In 2012, the Large Hadron Collider (LHC) found evidence for the existence of the **Higgs Boson**. This particle was the final plank of the **Stand Model** (SM) of particle physics, a predicitve theory that explains the behaviour of the fundamental particles that make up our universe. While SM is a very successful theory there are many questions it cannot answer, such as what **dark matter** is. For this reason, particle physics want to test their **models** to even higher energies to find where the SM stops being a good model of reality.
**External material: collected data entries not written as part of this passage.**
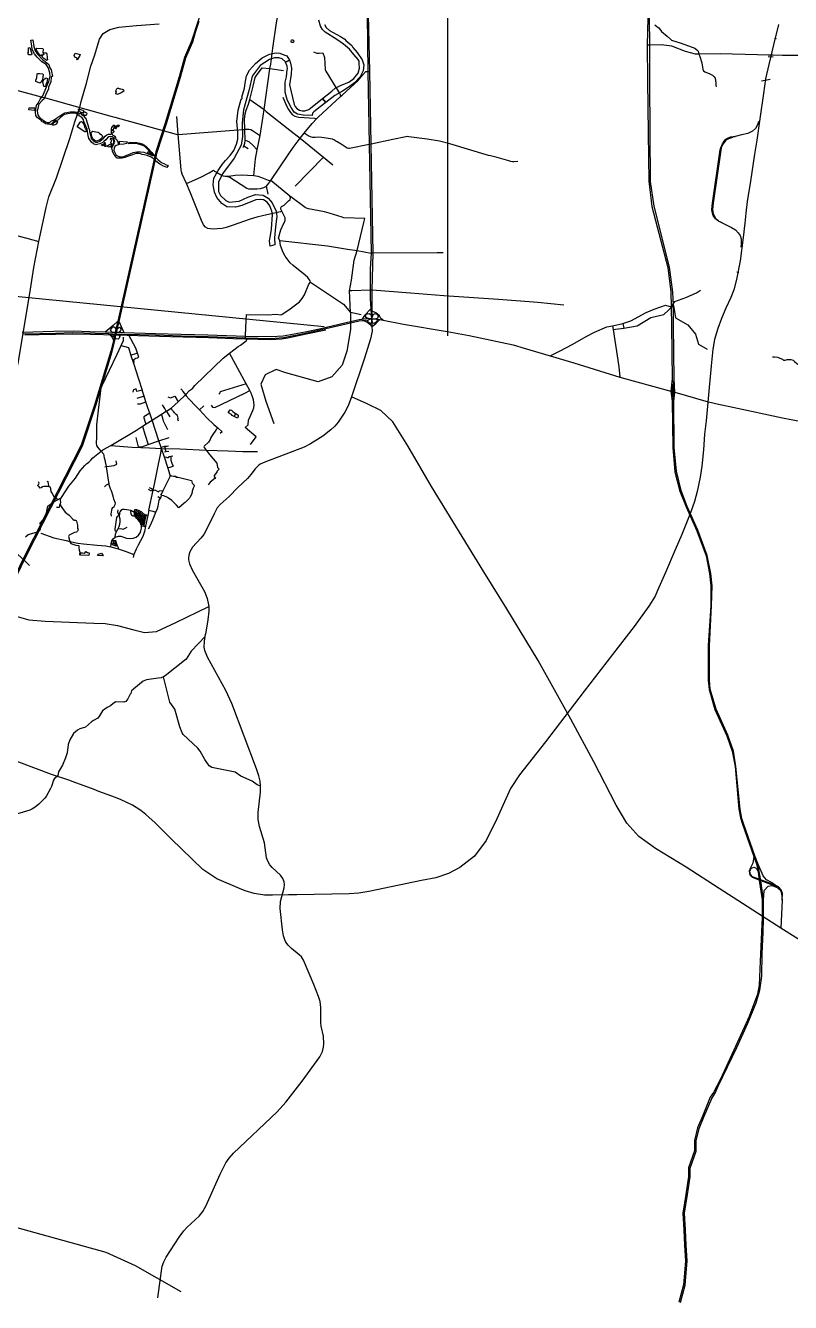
# Model space of a CAD drawing. Header units: millimetres. Extents: x 170 to 95391, y -643 to 69125.
# Drawn here: x 43621 to 54572, y -497 to 17793 of the extents above; entities that cross this region are included whole.
import ezdxf

# ---------------------------------------------------------------- set-up
doc = ezdxf.new("R2010")
doc.units = ezdxf.units.MM
for name, color, linetype in [('railways', 4, 'Continuous'), ('roads_1', 1, 'Continuous'), ('roads_2', 2, 'Continuous'), ('roads_3', 3, 'Continuous'), ('water', 7, 'Continuous')]:
    doc.layers.add(name, color=color, linetype=linetype)

msp = doc.modelspace()

# ---------------------------------------------------------------- linework, layer by layer
at = {"layer": 'railways'}
for points in [[(54399.15, 17808.59), (54331.45, 17516.05), (54263.89, 17232.85), (54216.51, 17029.38), (54184.5, 16817.59), (54133.31, 16455.36), (54090.89, 16152.6), (54056.8, 15948.89), (53999.75, 15562.09), (53951.77, 15272.66), (53932.38, 15106.21), (53918.89, 14961.34), (53892.68, 14757.29), (53851.99, 14423.09), (53799.87, 14153.91), (53760.72, 14007.31), (53718.6, 13898.39), (53648.49, 13744.34), (53582.97, 13596.29), (53531.41, 13455.28), (53484.26, 13294.66), (53460.03, 13158.05), (53436.08, 12916.54)], [(54115.92, 16419.05), (54099.82, 16370.44), (54073.02, 16320.28), (54028.74, 16278.7), (53960.75, 16246.52), (53871.68, 16226.35), (53780.58, 16205.79), (53725.23, 16191.98), (53686.24, 16178.81), (53652.16, 16155.44), (53606.94, 16097), (53581.3, 16040.43), (53575.6, 16008.97), (53465.34, 15248.64), (53456.57, 15159.43), (53465.76, 15095.55), (53500.78, 15035.88), (53544.2, 14993.01), (53594, 14966.14), (53682, 14923.72), (53728.59, 14900.08), (53783.78, 14865.54), (53824.61, 14825.7), (53850.91, 14784.77), (53864.45, 14738.31), (53866.73, 14666.25), (53863.31, 14616.32)], [(53594, 14966.14), (53540.14, 14990.5), (53498.06, 15024.94), (53466.18, 15072.75), (53450.24, 15124.03), (53446.54, 15160.26), (53456.89, 15249.66), (53567.21, 16010.32), (53573.11, 16042.96), (53597.1, 16100.21), (53622.35, 16138.6), (53648.21, 16164.07), (53679.05, 16184.16), (53718.94, 16198.89), (53751.49, 16204.17), (53780.58, 16205.79)], [(53652.16, 16155.44), (53689.49, 16173.82), (53719.37, 16185.5), (53746.95, 16193.23)], [(53436.08, 12916.54), (53395.37, 12450.61), (53382.66, 12340.03)], [(53382.66, 12340.03), (53366.02, 12132), (53343.4, 11937.98), (53325.27, 11716.9), (53302.77, 11482.77), (53277.85, 11325.65), (53238.62, 11116.89), (53197.94, 10976.41), (53144.24, 10825.66)], [(53144.24, 10825.66), (53122.67, 10765.13)], [(53122.67, 10765.13), (53016.65, 10504.35), (52921.52, 10281.51)], [(52921.52, 10281.51), (52781.56, 9960.9), (52669.82, 9698.46), (52637.26, 9619.27), (52545.95, 9475.14)], [(52545.95, 9475.14), (52332.31, 9183.36), (52105.5, 8888.87), (51620.49, 8258.09), (51063.27, 7533.44), (50692.14, 7059.69), (50562.78, 6862.56), (50365.77, 6431.31), (50216.69, 6120.27), (50050.45, 5896.31), (49836.79, 5734.43), (49677.27, 5645.04), (49495.45, 5585.75), (49290.29, 5545.35), (48537.44, 5390.2), (48390.4, 5364.86), (48252.66, 5354.37), (47506.68, 5342.97), (47384.33, 5340.34)], [(44241.61, 6984.08), (43992.74, 7066.06), (43561.34, 7225.63), (43029.58, 7426.6), (42870.88, 7492.04), (42519.94, 7658.49), (42411.3, 7709.38), (42319.82, 7739.72)], [(46763.91, 5399.99), (46684.43, 5430.36), (46358.6, 5571.72), (46156.68, 5702.45), (45706.79, 6141.76), (45478.11, 6370.84), (45342.89, 6492.3), (45270.81, 6547.5), (45151.13, 6624.23), (44989.86, 6703.98), (44908.76, 6738.07), (44668.01, 6823.04), (44605, 6851.99), (44304.29, 6960.9), (44241.61, 6984.08)], [(47384.33, 5340.34), (47158.74, 5335.49), (47041.13, 5338.55), (46894.48, 5359.28), (46763.91, 5399.99)]]:
    msp.add_lwpolyline(points, dxfattribs=at)
at = {"layer": 'roads_1'}
for points in [[(52529.57, 17900.85), (52521.08, 17509.46), (52523.38, 17004.97), (52532.7, 16251.28), (52544.95, 15563.78), (52588.49, 15202.94), (52816.95, 14325.74), (52861.62, 13976.29), (52863.15, 13765.06), (52868.56, 13492.56), (52878, 12732.64), (52875.76, 12630.6)], [(52899.03, 12631.65), (52906.82, 12731.41), (52897.26, 13489.83), (52895.31, 13782.69), (52888.15, 13975.91), (52837.92, 14333.14), (52619.79, 15206.59), (52569.88, 15560.19), (52564.21, 16250.07), (52558.43, 16999.35), (52560.28, 17509.41), (52554.65, 17899.58)], [(52878, 12732.64), (52859.14, 12555.2)], [(52875.76, 12630.6), (52874.89, 12509.43)], [(52899.49, 12511.27), (52899.03, 12631.65)], [(52915.62, 12542.04), (52906.82, 12731.41)], [(52859.14, 12555.2), (52876.52, 12411.35)], [(52874.89, 12509.43), (52876.52, 12411.35), (52885.93, 11750.46), (52915.81, 11402.71), (52986.98, 11123.26), (53076.78, 10899.19), (53230.25, 10557.32), (53362.88, 10196.87), (53412.96, 9943.77), (53430.39, 9767.04), (53430.05, 9481.87), (53395.51, 8911.77), (53393.54, 8417.53), (53408.8, 8284.47), (53491.24, 7996.75), (53661.42, 7619.09), (53739.38, 7400.04), (53780.95, 7178.77), (53832.69, 6570.43), (53856.17, 6442.91)], [(53874.1, 6436.96), (53851.11, 6570.8), (53791.97, 7180.74), (53756.89, 7400.67), (53674.03, 7627.06), (53507.25, 8002.42), (53422.85, 8285.47), (53411.92, 8417.33), (53412.11, 8913.92), (53443.21, 9482.22), (53449.91, 9767.62), (53432.88, 9946.55), (53380.85, 10203.75), (53247.61, 10564.67), (53094.65, 10905.66), (53004.98, 11131.44), (52938.68, 11410.35), (52906.08, 11750.89), (52903.34, 12412.64), (52899.49, 12511.27)], [(52903.34, 12412.64), (52915.62, 12542.04)], [(31571.58, 6754.68), (32448.51, 6221.13), (33498.09, 5628.53), (34828.93, 4469.3), (35246.4, 4102.28), (35725.06, 3705.98), (36341.07, 3222.26), (36730.58, 2986.82), (37441.75, 2574.04), (38335.81, 2223.22), (39310.24, 1951.74), (39699.08, 1857.95), (40471.81, 1576.09), (41009.68, 1265.58), (44772.06, 223.25), (45190.69, 30.9), (45845.79, -339.9)], [(53856.17, 6442.91), (53884.43, 6352.77)], [(53903.92, 6349.1), (53874.1, 6436.96)], [(53884.43, 6352.77), (54046.94, 5892.59), (54087.05, 5783.82), (54108.34, 5678.14), (54115.39, 5623.34)], [(54132.32, 5623.5), (54123.98, 5680.35), (54106.02, 5788.78), (54063.95, 5898.21), (53903.92, 6349.1)], [(54046.94, 5892.59), (54033.29, 5793.94), (53998.31, 5729.34), (53982.98, 5681.02), (53984.65, 5653.72), (53991.14, 5627.43), (54022.45, 5594.94), (54349.11, 5470.97), (54391.53, 5443.85)], [(54354.79, 5479.25), (54029.67, 5601.81), (54001.3, 5632.66), (53993.58, 5655.87), (53991.87, 5680.02), (53998.72, 5703.69), (54013.71, 5724.36), (54045.23, 5738.48), (54073.44, 5728.46), (54091.37, 5707.87), (54108.34, 5678.14)], [(54185.27, 5266.97), (54195.58, 5402.49), (54253.55, 5466.4), (54312.15, 5476.41), (54391.53, 5443.85), (54427.2, 5409.67), (54443.24, 5361.69), (54451.78, 5267.41), (54456.18, 5359.74), (54440.62, 5414.95), (54402.39, 5454.36), (54354.79, 5479.25), (54298.2, 5516.48), (54227.21, 5556.84), (54182.57, 5615.05), (54106.02, 5788.78)], [(54115.39, 5623.34), (54130.71, 5518.18)], [(54130.71, 5518.18), (54166.11, 5268.16), (54166.08, 5062.81)], [(54150.23, 5512.8), (54132.32, 5623.5)], [(54186.66, 5055.49), (54185.27, 5266.97), (54150.23, 5512.8)], [(54164.59, 5012.84), (54161.59, 4911.59), (54137.8, 4392.63), (54123.65, 4049.3), (54098.73, 3920.5), (53981.23, 3600.79), (53763.51, 3115.18), (53564.18, 2690.47), (53472.4, 2509.79), (53424.67, 2444.31)], [(53444.1, 2426.86), (53492.45, 2503.17), (53534.95, 2600.58), (53802, 3154.16), (53962.07, 3503.27), (54079.36, 3794.85), (54132.74, 3974.91), (54160.05, 4175.35), (54166.71, 4502.82), (54181.93, 4804.21), (54184.54, 5002.16)], [(54166.08, 5062.81), (54164.59, 5012.84)], [(54184.54, 5002.16), (54186.66, 5055.49)], [(53424.67, 2444.31), (53315.43, 2182.58), (53239.81, 2002.64), (53197.17, 1822.45), (53196.02, 1674.75), (53111.64, 1429.22), (53110.68, 1306.13), (53075.7, 1052.01), (53032.35, 781.53), (53046.98, 543.43), (53053.51, 321.79), (53068.27, 100.07), (53040.84, -244.42), (52972.93, -490.12)], [(52996.71, -496.7), (53065.25, -248.68), (53093.02, 99.91), (53078.16, 322.96), (53071.64, 544.53), (53057.14, 780.33), (53100.1, 1048.41), (53135.33, 1304.37), (53136.27, 1425.05), (53220.66, 1670.58), (53221.82, 1819.5), (53263.36, 1995.05), (53338.21, 2173.14), (53444.1, 2426.86), (53447.46, 2434.9)]]:
    msp.add_lwpolyline(points, dxfattribs=at)
at = {"layer": 'roads_2'}
for points in [[(46299.58, 21399.58), (46299.99, 21350.18), (46301.62, 21155.86), (46303.86, 20653.64), (46297.23, 20152.38), (46296.94, 18663.31), (46287.43, 18511.8), (46094.54, 17857.93), (45995.19, 17567.87), (45896.56, 17337.21), (45820.05, 17057.19), (45619.63, 16396.13), (45487.62, 15982.37), (44940.7, 13558.94), (44915.24, 13446.12), (44892.74, 13346.43), (44877.76, 13280.07), (44843.26, 13127.26), (44610.05, 12354.56), (44415.58, 11780.29), (43621.29, 10221.1), (43296.4, 9552.8), (43197.51, 9349.42)], [(48498.49, 18481.89), (48507.38, 18086.03), (48509.59, 17944.18), (48522.25, 17133.09), (48538.52, 16089.73), (48570.89, 14533.42)], [(48595.34, 14534.59), (48566.86, 16095.5), (48547.91, 17133.89), (48533.13, 17943.96), (48530.55, 18085.91), (48522.74, 18513.94)], [(49664.33, 13346.42), (49667.19, 18462.62), (49664.66, 18576.17), (49681.57, 18597.64)], [(43215.53, 9340.74), (43314.41, 9544.13), (43639.23, 10212.26), (44434.08, 11772.57), (44629.12, 12348.52), (44862.64, 13122.21), (44898.7, 13281.99), (44910.5, 13334.24), (44937.03, 13451.82), (44959.86, 13552.96), (45506.95, 15977.16), (45638.75, 16390.25), (45839.28, 17051.71), (45915.5, 17330.67), (46013.88, 17560.75), (46056.06, 17699.48), (46104.69, 17854.96)], [(52628.52, 17801.58), (52658.15, 17779.52), (52685.82, 17758.1), (52727.6, 17709.33), (52807.38, 17638.33), (52852.29, 17595.67), (52869.7, 17585.3), (53006.31, 17539.46)], [(55268.98, 17365.03), (54460.11, 17362.65), (53566.16, 17386.79), (53261.68, 17384.49), (53210.11, 17384.09), (53069.63, 17422.72), (52871.91, 17499.33), (52720.44, 17518.51), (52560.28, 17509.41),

The current era of the LHC (called the **high-luminosity** LHC, more on that later!) will be coming to an end the late 2030s. There is a proposal to build an even larger collider called the FCC that will continue to look for new physics at even higher energies, from around 2040-2070 by colliding **electrons** together (FCC-ee).

## Your Task

It is 2045 and you are a **phenomenologist** - it is your job to take particle physics models and make predicitions for experiments like FCC-ee. You will then compare them against experimental data and work out if we have any evidence of new physics beyond the Standard Model (BSM).

This notebook will guide you through the background relevant to the research project on comparing theoretical SM and BSM predictions to simulated data for $e^+e^- \to e^+e^-$ scattering at the FCC-ee.

## Events at hadron collider experiments

The FCC-ee will collide electrons and **positrons**, at high energies and collect information on the debris produced in each collision.

The experiments will have detectors which record individual collison **events**. These detectors will work in very similar ways to the ones at the LHC such as [ATLAS](https://www.google.com/search?client=firefox-b-d&q=atlasch) and [CMS](https://home.cern/science/experiments/cms). 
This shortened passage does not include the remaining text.